Меню
Назад » »

Владимир Сергеевич Соловьев (27)

VII
Не только племя и племенной союз, но и национально-государственная организация – отечество – не упраздняет первичной общественной клеточки, а только изменяет ее значение. Это изменение может быть выражено в такой краткой, но совершенно точной формуле: государственный порядок превращает род в семью. В самом деле, до образования государства семейной жизни, строго говоря, не существует. Та элементарная группа связанных более или менее близким кровным родством людей, которая образует общественную организацию в те времена, совсем не похожа на настоящую семью в весьма существенном отношении. Отличительный признак семьи есть то, что она представляет форму жизни частной, приватной, в противуположность публичной: «публичная семья» есть противоречие в терминах. Но это различие между публичным и частным могло возникнуть только с образованием и развитием государственности, представляющей именно публичную (по преимуществу) сторону общежития. А раньше, до отделения юридических и политических отправлений общественной жизни от бытовых, когда суд и расправа, война и мир были еще собственным делом элементарных кровно связанных групп, ясно, что такие группы, и даже самые тесные из них, не имели отличительного признака семьи, или домашнего общества, и получили этот новый характер лишь тогда, когда упомянутые функции отошли к государству как к особой публичной или всенародной организации.

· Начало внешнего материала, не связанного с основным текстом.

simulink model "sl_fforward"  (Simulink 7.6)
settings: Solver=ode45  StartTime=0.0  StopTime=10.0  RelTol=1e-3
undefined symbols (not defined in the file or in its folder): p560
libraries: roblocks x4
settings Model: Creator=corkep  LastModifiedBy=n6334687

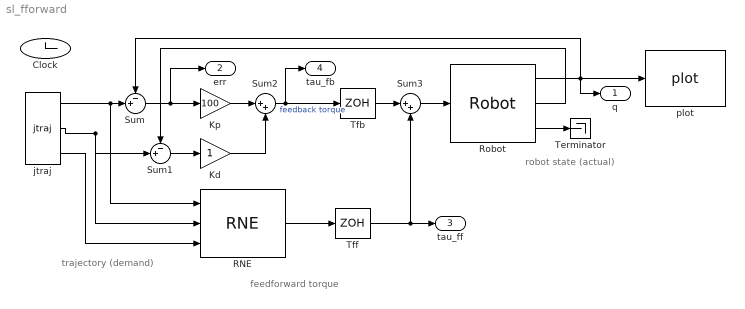
== system sl_fforward ==
  note: trajectory
      | (demand)
  note: robot state
      | (actual)
  note: feedforward torque
  Clock : Clock
      settings: Decimation=10
  Kd : Gain  SaturateOnIntegerOverflow=on  OutDataTypeStr=Inherit: Same as input  ParamDataTypeStr=Inherit: Same as input
  Kp : Gain  Gain=100  SaturateOnIntegerOverflow=on  OutDataTypeStr=Inherit: Same as input  ParamDataTypeStr=Inherit: Same as input
  RNE : roblocks/Dynamics/RNE  SystemSampleTime=-1  robot=p560.nofriction()  grav=[0 0 9.81]
  Robot : roblocks/Dynamics/Robot  SystemSampleTime=-1  robot=p560  q0=[0 0 0 0 0 0]
  Sum : Sum  Inputs=-+|  SaturateOnIntegerOverflow=on  InputSameDT=on  OutDataTypeStr=Inherit: Same as first input
  Sum1 : Sum  Inputs=-+|  SaturateOnIntegerOverflow=on  InputSameDT=on  OutDataTypeStr=Inherit: Same as first input
  Sum2 : Sum  Inputs=|++  SaturateOnIntegerOverflow=on  InputSameDT=on  OutDataTypeStr=Inherit: Same as first input
  Sum3 : Sum  Inputs=|++  SaturateOnIntegerOverflow=on  InputSameDT=on  OutDataTypeStr=Inherit: Same as first input
  Terminator : Terminator
  Tfb : ZeroOrderHold  SampleTime=0.01
  Tff : ZeroOrderHold  SampleTime=0.01
  jtraj : roblocks/Trajectory/jtraj  SystemSampleTime=-1  q0=[0 0 0 0 0 0]  qf=[pi/4 pi/2 -pi/2 0 0 0]  tmax=10
  plot : roblocks/Robot Graphics/plot  SystemSampleTime=-1  robot=p560
  q : Outport
  err : Outport  Port=2
  tau_ff : Outport  Port=3
  tau_fb : Outport  Port=4
  wires:
  Kd/1 -> Sum2/2
  Sum/1 -> Kp/1, err/1
  Kp/1 -> Sum2/1
  Sum1/1 -> Kd/1
  Sum2/1 -> Tfb/1, tau_fb/1  "feedback torque"
  Sum3/1 -> Robot/1
  Robot/1 -> plot/1, Sum/1, q/1
  Robot/2 -> Sum1/1
  jtraj/1 -> Sum/2, RNE/1
  jtraj/2 -> Sum1/2, RNE/2
  jtraj/3 -> RNE/3
  Robot/3 -> Terminator/1
  Tff/1 -> Sum3/2, tau_ff/1
  Tfb/1 -> Sum3/1
  RNE/1 -> Tff/1

Но это превращение прежнего рода, т.е. союза политико-бытового, в семью, т.е. в союз исключительно бытовой, частный, или домашний, могло быть понятно двояко: со стороны очищения и внутреннего возвышения родовой связи и со стороны ее внешнего умаления и унижения[3]. Так как обязанности лица к его роду были долгое время единственным выражением его нравственности, то натуры косные и пассивные могут находить безнравственным подчинение рода новому, высшему единству – отечества или государства. Для личного сознания является небывалый прежде вопрос: на сторону какого из двух общественных союзов стать: на сторону более тесного и близкого или же более широкого и отдаленного? Но как бы ни решился этот вопрос тем или другим человеком, во всяком случае ясно, что это не есть вопрос между личностью и обществом и даже не вопрос между двумя видами общественной связи – родственной и национальной, а только вопрос между остановкою человеческой жизни на степени родового быта и прогрессом этой жизни при посредстве государственного порядка.
Если в родовом союзе, в его нравственных условиях и учреждениях человеческая личность может лучше осуществлять свое внутреннее достоинство, нежели в состоянии звериного обособления, то уже исторический опыт показывает, что дальнейшее ее развитие и совершенствование требует тех более сложных жизненных условий, которые создаются лишь в образованных государствах. Пусть незрелая фантазия начинающего поэта прославляет полудикий быт кочующих цыган: непререкаемая оценка этой фантазии заключается в том простом факте, что сын образованного общества, Пушкин, мог создать своих «Цыган», тогда как сами цыгане при своих мнимых преимуществах никак не могли создать своего Пушкина[4].
Все, чем мы питаем свою духовную природу, все, что дает красоту и достоинство нашей жизни в области религии, науки и искусства, все это выросло на почве образованного общежития обусловленного государственным порядком, – все это создано не родом, а отечеством. А потому те люди, которые, при еще господствующем родовом быте, становились на сторону только еще возникавшего или даже только еще предвидимого ими, ими же и основываемого отечества, были носителями высшего сознания, лучшей лично-общественной нравственности, были благодетелями человечества и историческими подвижниками, и не напрасно благодарные гражданские общины Греции и других стран почитали таких людей как своих героев – эпонимов.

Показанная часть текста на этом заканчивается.